How Does OpenClaw's Memory System Work?
OpenClaw's memory system is one of its most sophisticated features, enabling the agent to remember context across conversations and build long-term knowledge.
The RAG-Lite Architecture
Unlike traditional RAG systems that rely on vector databases like Pinecone or Weaviate, OpenClaw uses a "RAG-lite" approach powered entirely by SQLite. This file-first architecture treats Markdown files as the source of truth.
The memory system chunks local Markdown knowledge, generates embeddings, and stores the resulting index in a local .sqlite file. This approach eliminates external dependencies while maintaining fast retrieval performance.
Memory Layers
OpenClaw organizes memory into three layers:
Daily logs are append-only files that capture day-to-day activities, decisions, and context. These logs provide a chronological record of interactions without manual curation.
Long-term memory lives in MEMORY.md files for curated, stable information. You manually add important facts, preferences, and knowledge to these files, and OpenClaw automatically indexes them.
Session transcripts preserve complete conversation history. When starting a new session, OpenClaw can automatically save the previous conversation to a timestamped file with an LLM-generated descriptive slug. These transcripts are indexed and searchable, allowing the agent to recall past conversations.
Hybrid Search System
OpenClaw's memory_search tool combines vector search (which understands meaning) with keyword search (which matches exact terms). This hybrid approach provides more accurate retrieval than either method alone.
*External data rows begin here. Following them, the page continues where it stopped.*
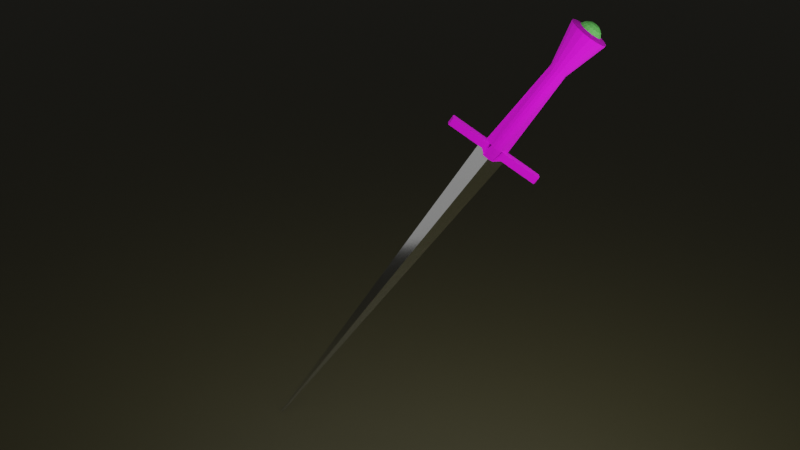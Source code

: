 # Source: Sword.blend  (saved by Blender 2.83.19; exported with 4.5.12 LTS)
import bpy
from mathutils import Matrix  # noqa: F401  (used for matrix-valued properties, if any)

bpy.ops.wm.read_factory_settings(use_empty=True)
scene = bpy.context.scene
scene.name = 'Scene'

# ---- collections
col_collection = bpy.data.collections.new('Collection'); scene.collection.children.link(col_collection)

# ---- images (referenced by path relative to the original .blend; pixels are not part of the script)
import os
ASSET_DIR = os.environ.get("B2B_ASSET_DIR", "")  # directory of the original .blend (textures are referenced by path, not embedded)
HERE = os.path.dirname(os.path.abspath(__file__))  # packed textures are extracted next to this script under _unpacked/

def load_image(name, relpath, width, height, colorspace="sRGB"):
    """Load a texture the original file referenced (path relative to the .blend, or extracted next to this script)."""
    p = next((c for c in (os.path.join(HERE, relpath), os.path.join(ASSET_DIR, relpath)) if relpath and os.path.exists(c)), "")
    if p:
        img = bpy.data.images.load(p, check_existing=True)
        img.name = name
    else:  # same state as the original file: an image datablock whose file is absent (Cycles renders it pink)
        img = bpy.data.images.new(name, width, height)
        img.source = "FILE"
        img.filepath = "//" + (relpath or name)
    img.colorspace_settings.name = colorspace
    return img
img_k_p_jj_47333f3_jpg = load_image('k-p-jj-47333f3.jpg', 'k-p-jj-47333f3.jpg', 1024, 1024, 'sRGB')

# ---- materials (node trees are filled in below, after node groups)
mat_handle = bpy.data.materials.new('Handle')
mat_hilt = bpy.data.materials.new('Hilt')
mat_blade = bpy.data.materials.new('Blade')
mat_ground = bpy.data.materials.new('Ground')

# ---- material node trees
mat_handle.use_nodes = True; mat_handle.node_tree.nodes.clear()
_N = mat_handle.node_tree.nodes; _L = mat_handle.node_tree.links
n0 = _N.new('ShaderNodeBsdfPrincipled'); n0.name = 'Principled BSDF'; n0.location = (10, 300)
n0.distribution = 'GGX'
n0.subsurface_method = 'BURLEY'
n0.inputs[2].default_value = 1.0
n0.inputs[3].default_value = 1.45
n0.inputs[27].default_value = (0.0, 0.0, 0.0, 1.0)
n0.inputs[28].default_value = 1.0
n1 = _N.new('ShaderNodeOutputMaterial'); n1.name = 'Material Output'; n1.location = (300, 300)
n2 = _N.new('ShaderNodeTexImage'); n2.name = 'Image Texture'; n2.location = (-500, 160)
n2.image = img_k_p_jj_47333f3_jpg
_L.new(n0.outputs[0], n1.inputs[0])
_L.new(n2.outputs[0], n0.inputs[0])
n1.is_active_output = True
mat_hilt.use_nodes = True; mat_hilt.node_tree.nodes.clear()
_N = mat_hilt.node_tree.nodes; _L = mat_hilt.node_tree.links
n0 = _N.new('ShaderNodeBsdfPrincipled'); n0.name = 'Principled BSDF'; n0.location = (10, 300)
n0.distribution = 'GGX'
n0.subsurface_method = 'BURLEY'
n0.inputs[0].default_value = (0.2086, 0.8827, 0.1711, 1.0)
n0.inputs[3].default_value = 1.45
n0.inputs[27].default_value = (0.0, 0.0, 0.0, 1.0)
n0.inputs[28].default_value = 1.0
n1 = _N.new('ShaderNodeOutputMaterial'); n1.name = 'Material Output'; n1.location = (300, 300)
_L.new(n0.outputs[0], n1.inputs[0])
n1.is_active_output = True
mat_blade.use_nodes = True; mat_blade.node_tree.nodes.clear()
_N = mat_blade.node_tree.nodes; _L = mat_blade.node_tree.links
n0 = _N.new('ShaderNodeBsdfPrincipled'); n0.name = 'Principled BSDF'; n0.location = (10, 300)
n0.distribution = 'GGX'
n0.subsurface_method = 'BURLEY'
n0.inputs[1].default_value = 1.0
n0.inputs[2].default_value = 0.1376
n0.inputs[3].default_value = 1.45
n0.inputs[27].default_value = (0.0, 0.0, 0.0, 1.0)
n0.inputs[28].default_value = 1.0
n1 = _N.new('ShaderNodeOutputMaterial'); n1.name = 'Material Output'; n1.location = (300, 300)
_L.new(n0.outputs[0], n1.inputs[0])
n1.is_active_output = True
mat_ground.use_nodes = True; mat_ground.node_tree.nodes.clear()
_N = mat_ground.node_tree.nodes; _L = mat_ground.node_tree.links
n0 = _N.new('ShaderNodeBsdfPrincipled'); n0.name = 'Principled BSDF'; n0.location = (10, 300)
n0.distribution = 'GGX'
n0.subsurface_method = 'BURLEY'
n0.inputs[0].default_value = (0.06108, 0.05614, 0.02392, 1.0)
n0.inputs[3].default_value = 1.45
n0.inputs[27].default_value = (0.0, 0.0, 0.0, 1.0)
n0.inputs[28].default_value = 1.0
n1 = _N.new('ShaderNodeOutputMaterial'); n1.name = 'Material Output'; n1.location = (300, 300)
_L.new(n0.outputs[0], n1.inputs[0])
n1.is_active_output = True

# ---- world
world_world = bpy.data.worlds.new('World'); scene.world = world_world
world_world.use_nodes = True; world_world.node_tree.nodes.clear()
_N = world_world.node_tree.nodes; _L = world_world.node_tree.links
n0 = _N.new('ShaderNodeOutputWorld'); n0.name = 'World Output'; n0.location = (300, 300)
n1 = _N.new('ShaderNodeBackground'); n1.name = 'Background'; n1.location = (10, 300)
n1.inputs[0].default_value = (0.05088, 0.05088, 0.05088, 1.0)
_L.new(n1.outputs[0], n0.inputs[0])
n0.is_active_output = True
world_world.color = (0.05088, 0.05088, 0.05088)
world_world.use_sun_shadow = False
world_world.sun_shadow_jitter_overblur = 0.0

# ---- cameras
cam_camera = bpy.data.cameras.new('Camera')
cam_camera.clip_end = 100.0
cam_camera.ortho_scale = 7.314

# ---- lights
light_light = bpy.data.lights.new('Light', 'POINT')
light_light.transmission_factor = 0.0
light_light.energy = 2000.0
light_light.shadow_soft_size = 6.82
light_light.shadow_maximum_resolution = 0.006
light_light.use_absolute_resolution = True
light_light_001 = bpy.data.lights.new('Light.001', 'POINT')
light_light_001.transmission_factor = 0.0
light_light_001.energy = 800.0
light_light_001.shadow_soft_size = 9.27
light_light_001.shadow_maximum_resolution = 0.006
light_light_001.use_absolute_resolution = True
light_light_002 = bpy.data.lights.new('Light.002', 'POINT')
light_light_002.transmission_factor = 0.0
light_light_002.energy = 400.0
light_light_002.shadow_soft_size = 10.41
light_light_002.shadow_maximum_resolution = 0.006
light_light_002.use_absolute_resolution = True

# ---- meshes
me_cylinder = bpy.data.meshes.new('Cylinder')
me_cylinder.from_pydata([(5.562e-08, 0.5, -0.2872), (7.186e-08, 0.2007, 0.7128), (0.1913, 0.4619, -0.2872), (0.07682, 0.1855, 0.7128), (0.3536, 0.3536, -0.2872), (0.1419, 0.1419, 0.7128), (0.4619, 0.1913, -0.2872), (0.1855, 0.07682, 0.7128), (0.5, -2.219e-08, -0.2872), (0.3142, -1.199e-08, 0.7128), (0.4619, -0.1913, -0.2872), (0.1855, -0.07682, 0.7128), (0.3536, -0.3536, -0.2872), (0.1419, -0.1419, 0.7128), (0.1913, -0.4619, -0.2872), (0.07682, -0.1855, 0.7128), (1.311e-07, -0.5, -0.2872), (1.022e-07, -0.2007, 0.7128), (-0.1913, -0.4619, -0.2872), (-0.07682, -0.1855, 0.7128), (-0.3536, -0.3536, -0.2872), (-0.1419, -0.1419, 0.7128), (-0.4619, -0.1913, -0.2872), (-0.1855, -0.07682, 0.7128), (-0.5, 5.624e-09, -0.2872), (-0.3142, 5.485e-09, 0.7128), (-0.4619, 0.1913, -0.2872), (-0.1855, 0.07682, 0.7128), (-0.3536, 0.3536, -0.2872), (-0.1419, 0.1419, 0.7128), (-0.1913, 0.4619, -0.2872), (-0.07682, 0.1855, 0.7128), (7.545e-08, 0.2262, 0.0339), (0.08657, 0.209, 0.0339), (0.16, 0.16, 0.0339), (0.209, 0.08657, 0.0339), (0.2262, -9.914e-09, 0.0339), (0.209, -0.08657, 0.0339), (0.16, -0.16, 0.0339), (0.08657, -0.209, 0.0339), (1.096e-07, -0.2262, 0.0339), (-0.08657, -0.209, 0.0339), (-0.16, -0.16, 0.0339), (-0.209, -0.08657, 0.0339), (-0.2262, 2.672e-09, 0.0339), (-0.209, 0.08657, 0.0339), (-0.16, 0.16, 0.0339), (-0.08657, 0.209, 0.0339), (2.581e-08, 0.2931, -0.3032), (2.581e-08, 0.1214, -0.352), (0.1913, 0.4619, -0.2885), (0.1122, 0.2708, -0.3032), (0.08585, 0.2073, -0.3325), (0.04646, 0.1122, -0.352), (0.3536, 0.3536, -0.2885), (0.2073, 0.2073, -0.3032), (0.1586, 0.1586, -0.3325), (0.08585, 0.08585, -0.352), (1.29, 0.1202, 0.7128), (1.29, 0.1202, 0.7697), (0.4619, 0.1913, -0.2885), (0.2708, 0.1122, -0.3032), (0.2073, 0.08585, -0.3325), (0.1122, 0.04646, -0.352), (1.29, -0.1202, 0.7128), (1.29, -0.1202, 0.7697), (1.314, -3.478e-08, 0.7697), (0.5, 1.081e-07, -0.2885), (0.2931, 1.422e-07, -0.3032), (0.2243, 1.611e-07, -0.3325), (0.1214, 1.564e-07, -0.352), (1.314, -3.478e-08, 0.7128), (-1.314, 5.485e-09, 0.7128), (-1.29, 0.1202, 0.7128), (0.4619, -0.1913, -0.2885), (0.2708, -0.1122, -0.3032), (0.2073, -0.08585, -0.3325), (0.1122, -0.04646, -0.352), (-1.29, 0.1202, 0.7697), (-1.314, 5.485e-09, 0.7697), (-1.29, -0.1202, 0.7697), (0.3536, -0.3536, -0.2885), (0.2073, -0.2073, -0.3032), (0.1586, -0.1586, -0.3325), (0.08585, -0.08585, -0.352), (-1.29, -0.1202, 0.7128), (-0.2902, -0.1202, 0.7697), (-0.2902, 0.1202, 0.7697), (0.1913, -0.4619, -0.2885), (0.1122, -0.2708, -0.3032), (0.08585, -0.2073, -0.3325), (0.04646, -0.1122, -0.352), (-0.3142, 5.485e-09, 0.7697), (0.2902, -0.1202, 0.7697), (0.3142, -1.199e-08, 0.7697), (-1.414e-07, -0.5, -0.2885), (-6.817e-08, -0.2931, -0.3032), (-5.871e-08, -0.2243, -0.3325), (-2.562e-08, -0.1214, -0.352), (0.2902, 0.1202, 0.7697), (-0.2902, 0.1202, 0.7128), (-0.2902, -0.1202, 0.7128), (-0.1913, -0.4619, -0.2885), (-0.1122, -0.2708, -0.3032), (-0.08585, -0.2073, -0.3325), (-0.04646, -0.1122, -0.352), (0.2902, -0.1202, 0.7128), (0.2902, 0.1202, 0.7128), (-0.3536, -0.3536, -0.2885), (-0.2073, -0.2073, -0.3032), (-0.1586, -0.1586, -0.3325), (-0.08585, -0.08585, -0.352), (-0.1202, 0.09491, 0.8039), (-0.2221, 0.02681, 0.8039), (-0.4619, -0.1913, -0.2885), (-0.2708, -0.1122, -0.3032), (-0.2073, -0.08585, -0.3325), (-0.1122, -0.04646, -0.352), (-0.1202, -0.09462, 0.811), (-0.5, 4.062e-07, -0.2885), (-0.2931, 3.029e-07, -0.3032), (-0.2243, 2.934e-07, -0.3325), (-0.1214, 2.462e-07, -0.352), (-0.2221, -0.02652, 0.811), (2.142e-07, -0.1185, 0.811), (-0.4619, 0.1913, -0.2885), (-0.2708, 0.1122, -0.3032), (-0.2073, 0.08585, -0.3325), (-0.1122, 0.04646, -0.352), (0.2221, -0.02652, 0.811), (0.1202, -0.09462, 0.811), (-0.3536, 0.3536, -0.2885), (-0.2073, 0.2073, -0.3032), (-0.1586, 0.1586, -0.3325), (-0.08585, 0.08585, -0.352), (0.2221, 0.02681, 0.8039), (-0.1913, 0.4619, -0.2885), (-0.1122, 0.2708, -0.3032), (-0.08585, 0.2073, -0.3325), (-0.04646, 0.1122, -0.352), (0.1202, 0.09491, 0.8039), (1.673e-07, 0.1188, 0.8039), (3.504e-07, 0.5, -0.2885), (1.635e-07, 0.2243, -0.3325), (2.581e-08, 1.864e-07, -0.3589), (1.667e-07, 0.1202, 0.7697), (0.3867, -1.659e-08, 0.7697), (2.141e-07, -0.1202, 0.7697), (-0.3867, 4.926e-09, 0.7697), (2.221e-07, 0.0, 3.705)], [], [(32, 1, 3, 33), (33, 3, 5, 34), (34, 5, 7, 35), (35, 7, 9, 36), (36, 9, 11, 37), (37, 11, 13, 38), (38, 13, 15, 39), (39, 15, 17, 40), (40, 17, 19, 41), (41, 19, 21, 42), (42, 21, 23, 43), (43, 23, 25, 44), (44, 25, 27, 45), (45, 27, 29, 46), (19, 17, 124, 118), (46, 29, 31, 47), (47, 31, 1, 32), (0, 2, 4, 6, 8, 10, 12, 14, 16, 18, 20, 22, 24, 26, 28, 30), (30, 47, 32, 0), (28, 46, 47, 30), (26, 45, 46, 28), (24, 44, 45, 26), (22, 43, 44, 24), (20, 42, 43, 22), (18, 41, 42, 20), (16, 40, 41, 18), (14, 39, 40, 16), (12, 38, 39, 14), (10, 37, 38, 12), (8, 36, 37, 10), (6, 35, 36, 8), (4, 34, 35, 6), (2, 33, 34, 4), (0, 32, 33, 2), (49, 143, 52, 53), (48, 142, 50, 51), (144, 49, 53), (143, 48, 51, 52), (51, 50, 54, 55), (144, 53, 57), (52, 51, 55, 56), (53, 52, 56, 57), (144, 57, 63), (56, 55, 61, 62), (57, 56, 62, 63), (55, 54, 60, 61), (63, 62, 69, 70), (61, 60, 67, 68), (144, 63, 70), (62, 61, 68, 69), (70, 69, 76, 77), (68, 67, 74, 75), (144, 70, 77), (69, 68, 75, 76), (99, 94, 66, 59), (106, 9, 71, 64), (144, 77, 84), (76, 75, 82, 83), (93, 106, 64, 65), (77, 76, 83, 84), (75, 74, 81, 82), (144, 84, 91), (83, 82, 89, 90), (92, 87, 78, 79), (107, 99, 59, 58), (84, 83, 90, 91), (82, 81, 88, 89), (64, 71, 66, 65), (71, 58, 59, 66), (86, 92, 79, 80), (91, 90, 97, 98), (89, 88, 95, 96), (25, 101, 85, 72), (87, 100, 73, 78), (144, 91, 98), (90, 89, 96, 97), (72, 85, 80, 79), (98, 97, 104, 105), (96, 95, 102, 103), (9, 7, 107), (25, 23, 101), (144, 98, 105), (97, 96, 103, 104), (27, 25, 100), (73, 72, 79, 78), (94, 130, 93), (144, 105, 111), (104, 103, 109, 110), (11, 9, 106), (112, 27, 100, 87), (105, 104, 110, 111), (103, 102, 108, 109), (118, 92, 86), (110, 109, 115, 116), (100, 25, 72, 73), (130, 11, 106, 93), (111, 110, 116, 117), (109, 108, 114, 115), (94, 93, 65, 66), (101, 86, 80, 85), (144, 111, 117), (117, 116, 121, 122), (115, 114, 119, 120), (1, 31, 112, 141), (92, 112, 87), (144, 117, 122), (116, 115, 120, 121), (23, 21, 123, 118), (9, 107, 58, 71), (120, 119, 125, 126), (3, 1, 141, 140), (23, 118, 86, 101), (144, 122, 128), (121, 120, 126, 127), (17, 15, 130, 124), (13, 11, 130, 129), (122, 121, 127, 128), (144, 128, 134), (127, 126, 132, 133), (7, 140, 99, 107), (7, 5, 135, 140), (128, 127, 133, 134), (126, 125, 131, 132), (21, 19, 118, 123), (31, 29, 113, 112), (29, 27, 112, 113), (140, 94, 99), (134, 133, 138, 139), (132, 131, 136, 137), (5, 3, 140, 135), (15, 13, 129, 130), (144, 134, 139), (133, 132, 137, 138), (139, 138, 143, 49), (137, 136, 142, 48), (144, 139, 49), (138, 137, 48, 143), (145, 149, 146), (146, 149, 147), (147, 149, 148), (148, 149, 145), (145, 146, 147, 148), (140, 141, 112, 92, 118, 124, 130, 94)])
me_cylinder.polygons.foreach_set('material_index', [0, 0, 0, 0, 0, 0, 0, 0, 0, 0, 0, 0, 0, 0, 0, 0, 0, 0, 0, 0, 0, 0, 0, 0, 0, 0, 0, 0, 0, 0, 0, 0, 0, 0, 1, 0, 1, 1, 0, 1, 1, 1, 1, 1, 1, 0, 1, 0, 1, 1, 1, 0, 1, 1, 0, 0, 1, 1, 0, 1, 0, 1, 1, 0, 0, 1, 0, 0, 0, 0, 1, 0, 0, 0, 1, 1, 0, 1, 0, 0, 0, 1, 1, 0, 0, 0, 1, 1, 0, 0, 1, 0, 0, 1, 0, 0, 1, 0, 0, 0, 1, 1, 0, 0, 0, 1, 1, 0, 0, 0, 0, 0, 1, 1, 0, 0, 1, 1, 1, 0, 0, 1, 0, 0, 0, 0, 0, 1, 0, 0, 0, 1, 1, 1, 0, 1, 1, 2, 2, 2, 2, 0, 0])
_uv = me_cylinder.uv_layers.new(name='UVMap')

The keyword component uses SQLite's native FTS5 (Full-Text Search 5) module with the BM25 ranking function. BM25 is a probabilistic ranking algorithm that considers term frequency, document length, and inverse document frequency.
The vector component generates embeddings using your configured model and performs cosine similarity search to find semantically related content.
Configuring Memory Search
Customize memory search behavior in your configuration:
{
"memorySearch": {
"query": {
"hybrid": {
"mmr": true,
"temporalDecay": 0.9
}
}
}
}
MMR (Maximal Marginal Relevance) introduces diversity by reducing redundancy in search results. Instead of returning the top 10 most similar documents (which might all say the same thing), MMR ensures results cover different aspects of your query.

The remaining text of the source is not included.